### Input data:
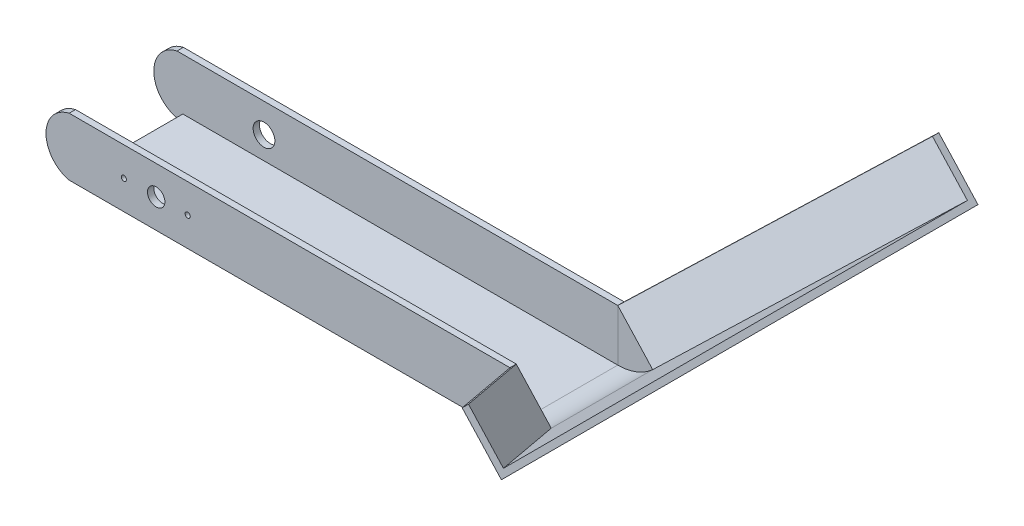
ISO-10303-21;
HEADER;
FILE_DESCRIPTION(('STEP AP214'),'2;1');
FILE_NAME('part.step','',(''),(''),'','','');
FILE_SCHEMA(('AUTOMOTIVE_DESIGN { 1 0 10303 214 1 1 1 1 }'));
ENDSEC;
DATA;
#1=APPLICATION_CONTEXT('core data for automotive mechanical design processes');
#2=APPLICATION_PROTOCOL_DEFINITION('international standard','automotive_design',2000,#1);
#3=PRODUCT_CONTEXT('',#1,'mechanical');
#4=PRODUCT('Part','Part','',(#3));
#5=PRODUCT_RELATED_PRODUCT_CATEGORY('part','',(#4));
#6=PRODUCT_DEFINITION_FORMATION('','',#4);
#7=PRODUCT_DEFINITION_CONTEXT('part definition',#1,'design');
#8=PRODUCT_DEFINITION('design','',#6,#7);
#9=PRODUCT_DEFINITION_SHAPE('','',#8);
#10=(LENGTH_UNIT() NAMED_UNIT(*) SI_UNIT(.MILLI.,.METRE.));
#11=(NAMED_UNIT(*) PLANE_ANGLE_UNIT() SI_UNIT($,.RADIAN.));
#12=(NAMED_UNIT(*) SI_UNIT($,.STERADIAN.) SOLID_ANGLE_UNIT());
#13=UNCERTAINTY_MEASURE_WITH_UNIT(LENGTH_MEASURE(1.E-05),#10,'distance_accuracy_value','');
#14=(GEOMETRIC_REPRESENTATION_CONTEXT(3) GLOBAL_UNCERTAINTY_ASSIGNED_CONTEXT((#13)) GLOBAL_UNIT_ASSIGNED_CONTEXT((#10,
#11,#12)) REPRESENTATION_CONTEXT('',''));
#15=CARTESIAN_POINT('',(0.,0.,0.));
#16=DIRECTION('',(0.,0.,1.));
#17=DIRECTION('',(1.,0.,0.));
#18=AXIS2_PLACEMENT_3D('',#15,#16,#17);
#19=CARTESIAN_POINT('',(-90.1530320109,-16.1412265646858,31.4271677660097));
#20=DIRECTION('',(0.,0.,-1.));
#21=DIRECTION('',(-1.,0.,0.));
#22=AXIS2_PLACEMENT_3D('',#19,#20,#21);
#23=CYLINDRICAL_SURFACE('',#22,13.0175006283313);
#24=CARTESIAN_POINT('',(-90.1530320109,-16.1412265646858,28.6585677660097));
#25=DIRECTION('',(0.,0.,1.));
#26=DIRECTION('',(1.,0.,0.));
#27=AXIS2_PLACEMENT_3D('',#24,#25,#26);
#28=CIRCLE('',#27,13.0175006283313);
#29=CARTESIAN_POINT('',(-93.0105371073609,-3.44122706735089,28.6585677660097));
#30=VERTEX_POINT('',#29);
#31=CARTESIAN_POINT('',(-93.0105326392311,-28.8412270673509,28.6585677660097));
#32=VERTEX_POINT('',#31);
#33=EDGE_CURVE('P0_E179',#30,#32,#28,.T.);
#34=ORIENTED_EDGE('',*,*,#33,.T.);
#35=DIRECTION('',(0.,0.,-1.));
#36=VECTOR('',#35,1.);
#37=CARTESIAN_POINT('',(-93.0105326392311,-28.8412270673509,31.4271677660097));
#38=LINE('',#37,#36);
#39=CARTESIAN_POINT('',(-93.0105326392311,-28.8412270673509,31.4271677660097));
#40=VERTEX_POINT('',#39);
#41=EDGE_CURVE('P0_E11',#40,#32,#38,.T.);
#42=ORIENTED_EDGE('',*,*,#41,.F.);
#43=CARTESIAN_POINT('',(-90.1530320109,-16.1412265646858,31.4271677660097));
#44=DIRECTION('',(0.,0.,1.));
#45=DIRECTION('',(1.,0.,0.));
#46=AXIS2_PLACEMENT_3D('',#43,#44,#45);
#47=CIRCLE('',#46,13.0175006283313);
#48=CARTESIAN_POINT('',(-93.0105371073609,-3.44122706735089,31.4271677660097));
#49=VERTEX_POINT('',#48);
#50=EDGE_CURVE('P0_E182',#49,#40,#47,.T.);
#51=ORIENTED_EDGE('',*,*,#50,.F.);
#52=DIRECTION('',(0.,0.,-1.));
#53=VECTOR('',#52,1.);
#54=CARTESIAN_POINT('',(-93.0105371073609,-3.44122706735089,31.4271677660097));
#55=LINE('',#54,#53);
#56=EDGE_CURVE('P0_E187',#49,#30,#55,.T.);
#57=ORIENTED_EDGE('',*,*,#56,.T.);
#58=EDGE_LOOP('',(#34,#42,#51,#57));
#59=FACE_BOUND('',#58,.T.);
#60=ADVANCED_FACE('P0_F17',(#59),#23,.T.);
#61=CARTESIAN_POINT('',(-93.0105326392311,-28.8412270673509,31.4271677660097));
#62=DIRECTION('',(0.,1.,0.));
#63=DIRECTION('',(0.,0.,1.));
#64=AXIS2_PLACEMENT_3D('',#61,#62,#63);
#65=PLANE('',#64);
#66=DIRECTION('',(1.,0.,0.));
#67=VECTOR('',#66,1.);
#68=CARTESIAN_POINT('',(-93.0105326392311,-28.8412270673509,28.6585677660097));
#69=LINE('',#68,#67);
#70=CARTESIAN_POINT('',(-90.4705326392312,-28.8412270673509,28.6585677660097));
#71=VERTEX_POINT('',#70);
#72=EDGE_CURVE('P0_E190',#32,#71,#69,.T.);
#73=ORIENTED_EDGE('',*,*,#72,.T.);
#74=DIRECTION('',(0.,0.,1.));
#75=VECTOR('',#74,1.);
#76=CARTESIAN_POINT('',(-90.4705326392312,-28.8412270673509,-15.7914322339903));
#77=LINE('',#76,#75);
#78=CARTESIAN_POINT('',(-90.4705326392312,-28.8412270673509,-15.7914322339903));
#79=VERTEX_POINT('',#78);
#80=EDGE_CURVE('P0_E31',#79,#71,#77,.T.);
#81=ORIENTED_EDGE('',*,*,#80,.F.);
#82=DIRECTION('',(-1.,0.,0.));
#83=VECTOR('',#82,1.);
#84=CARTESIAN_POINT('',(100.029467360769,-28.8412270673509,-15.7914322339903));
#85=LINE('',#84,#83);
#86=CARTESIAN_POINT('',(-93.0105326392311,-28.8412270673509,-15.7914322339903));
#87=VERTEX_POINT('',#86);
#88=EDGE_CURVE('P0_E136',#79,#87,#85,.T.);
#89=ORIENTED_EDGE('',*,*,#88,.T.);
#90=DIRECTION('',(0.,0.,1.));
#91=VECTOR('',#90,1.);
#92=CARTESIAN_POINT('',(-93.0105326392311,-28.8412270673509,-18.5600322339903));
#93=LINE('',#92,#91);
#94=CARTESIAN_POINT('',(-93.0105326392311,-28.8412270673509,-18.5600322339903));
#95=VERTEX_POINT('',#94);
#96=EDGE_CURVE('P0_E124',#95,#87,#93,.T.);
#97=ORIENTED_EDGE('',*,*,#96,.F.);
#98=DIRECTION('',(-1.,0.,0.));
#99=VECTOR('',#98,1.);
#100=CARTESIAN_POINT('',(100.029467360769,-28.8412270673509,-18.5600322339903));
#101=LINE('',#100,#99);
#102=CARTESIAN_POINT('',(100.029467360769,-28.8412270673509,-18.5600322339903));
#103=VERTEX_POINT('',#102);
#104=EDGE_CURVE('P0_E114',#103,#95,#101,.T.);
#105=ORIENTED_EDGE('',*,*,#104,.F.);
#106=DIRECTION('',(0.,0.,-1.));
#107=VECTOR('',#106,1.);
#108=CARTESIAN_POINT('',(100.029467360769,-28.8412270673509,31.4271677660097));
#109=LINE('',#108,#107);
#110=CARTESIAN_POINT('',(100.029467360769,-28.8412270673509,31.4271677660097));
#111=VERTEX_POINT('',#110);
#112=EDGE_CURVE('P0_E24',#111,#103,#109,.T.);
#113=ORIENTED_EDGE('',*,*,#112,.F.);
#114=DIRECTION('',(1.,0.,0.));
#115=VECTOR('',#114,1.);
#116=CARTESIAN_POINT('',(-93.0105326392311,-28.8412270673509,31.4271677660097));
#117=LINE('',#116,#115);
#118=EDGE_CURVE('P0_E65',#40,#111,#117,.T.);
#119=ORIENTED_EDGE('',*,*,#118,.F.);
#120=ORIENTED_EDGE('',*,*,#41,.T.);
#121=EDGE_LOOP('',(#73,#81,#89,#97,#105,#113,#119,#120));
#122=FACE_BOUND('',#121,.T.);
#123=ADVANCED_FACE('P0_F122',(#122),#65,.F.);
#124=CARTESIAN_POINT('',(100.029467360769,-28.8412270673509,31.4271677660097));
#125=DIRECTION('',(-1.,0.,0.));
#126=DIRECTION('',(0.,0.,1.));
#127=AXIS2_PLACEMENT_3D('',#124,#125,#126);
#128=PLANE('',#127);
#129=ORIENTED_EDGE('',*,*,#112,.T.);
#130=DIRECTION('',(0.,-1.,0.));
#131=VECTOR('',#130,1.);
#132=CARTESIAN_POINT('',(100.029467360769,-16.1412265646858,-18.5600322339903));
#133=LINE('',#132,#131);
#134=CARTESIAN_POINT('',(100.029467360769,-3.44122706735089,-18.5600322339903));
#135=VERTEX_POINT('',#134);
#136=EDGE_CURVE('P0_E107',#135,#103,#133,.T.);
#137=ORIENTED_EDGE('',*,*,#136,.F.);
#138=DIRECTION('',(0.,0.,1.));
#139=VECTOR('',#138,1.);
#140=CARTESIAN_POINT('',(100.029467360769,-3.44122706735089,-18.5600322339903));
#141=LINE('',#140,#139);
#142=CARTESIAN_POINT('',(100.029467360769,-3.44122706735089,-15.7914322339903));
#143=VERTEX_POINT('',#142);
#144=EDGE_CURVE('P0_E132',#135,#143,#141,.T.);
#145=ORIENTED_EDGE('',*,*,#144,.T.);
#146=DIRECTION('',(0.,-1.,0.));
#147=VECTOR('',#146,1.);
#148=CARTESIAN_POINT('',(100.029467360769,-16.1412265646858,-15.7914322339903));
#149=LINE('',#148,#147);
#150=CARTESIAN_POINT('',(100.029467360769,-26.0726270673509,-15.7914322339903));
#151=VERTEX_POINT('',#150);
#152=EDGE_CURVE('P0_E133',#143,#151,#149,.T.);
#153=ORIENTED_EDGE('',*,*,#152,.T.);
#154=DIRECTION('',(0.,0.,1.));
#155=VECTOR('',#154,1.);
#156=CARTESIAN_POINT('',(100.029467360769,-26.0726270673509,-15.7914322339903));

### Work order:
Write out the lines from the start of the material to the line with "#18=AXIS2_PLACEMENT_3D('',#15,#16,#17);", inclusive and exactly. Skip the pictures.

### Exercise answer:
ISO-10303-21;
HEADER;
FILE_DESCRIPTION(('STEP AP214'),'2;1');
FILE_NAME('part.step','',(''),(''),'','','');
FILE_SCHEMA(('AUTOMOTIVE_DESIGN { 1 0 10303 214 1 1 1 1 }'));
ENDSEC;
DATA;
#1=APPLICATION_CONTEXT('core data for automotive mechanical design processes');
#2=APPLICATION_PROTOCOL_DEFINITION('international standard','automotive_design',2000,#1);
#3=PRODUCT_CONTEXT('',#1,'mechanical');
#4=PRODUCT('Part','Part','',(#3));
#5=PRODUCT_RELATED_PRODUCT_CATEGORY('part','',(#4));
#6=PRODUCT_DEFINITION_FORMATION('','',#4);
#7=PRODUCT_DEFINITION_CONTEXT('part definition',#1,'design');
#8=PRODUCT_DEFINITION('design','',#6,#7);
#9=PRODUCT_DEFINITION_SHAPE('','',#8);
#10=(LENGTH_UNIT() NAMED_UNIT(*) SI_UNIT(.MILLI.,.METRE.));
#11=(NAMED_UNIT(*) PLANE_ANGLE_UNIT() SI_UNIT($,.RADIAN.));
#12=(NAMED_UNIT(*) SI_UNIT($,.STERADIAN.) SOLID_ANGLE_UNIT());
#13=UNCERTAINTY_MEASURE_WITH_UNIT(LENGTH_MEASURE(1.E-05),#10,'distance_accuracy_value','');
#14=(GEOMETRIC_REPRESENTATION_CONTEXT(3) GLOBAL_UNCERTAINTY_ASSIGNED_CONTEXT((#13)) GLOBAL_UNIT_ASSIGNED_CONTEXT((#10,
#11,#12)) REPRESENTATION_CONTEXT('',''));
#15=CARTESIAN_POINT('',(0.,0.,0.));
#16=DIRECTION('',(0.,0.,1.));
#17=DIRECTION('',(1.,0.,0.));
#18=AXIS2_PLACEMENT_3D('',#15,#16,#17);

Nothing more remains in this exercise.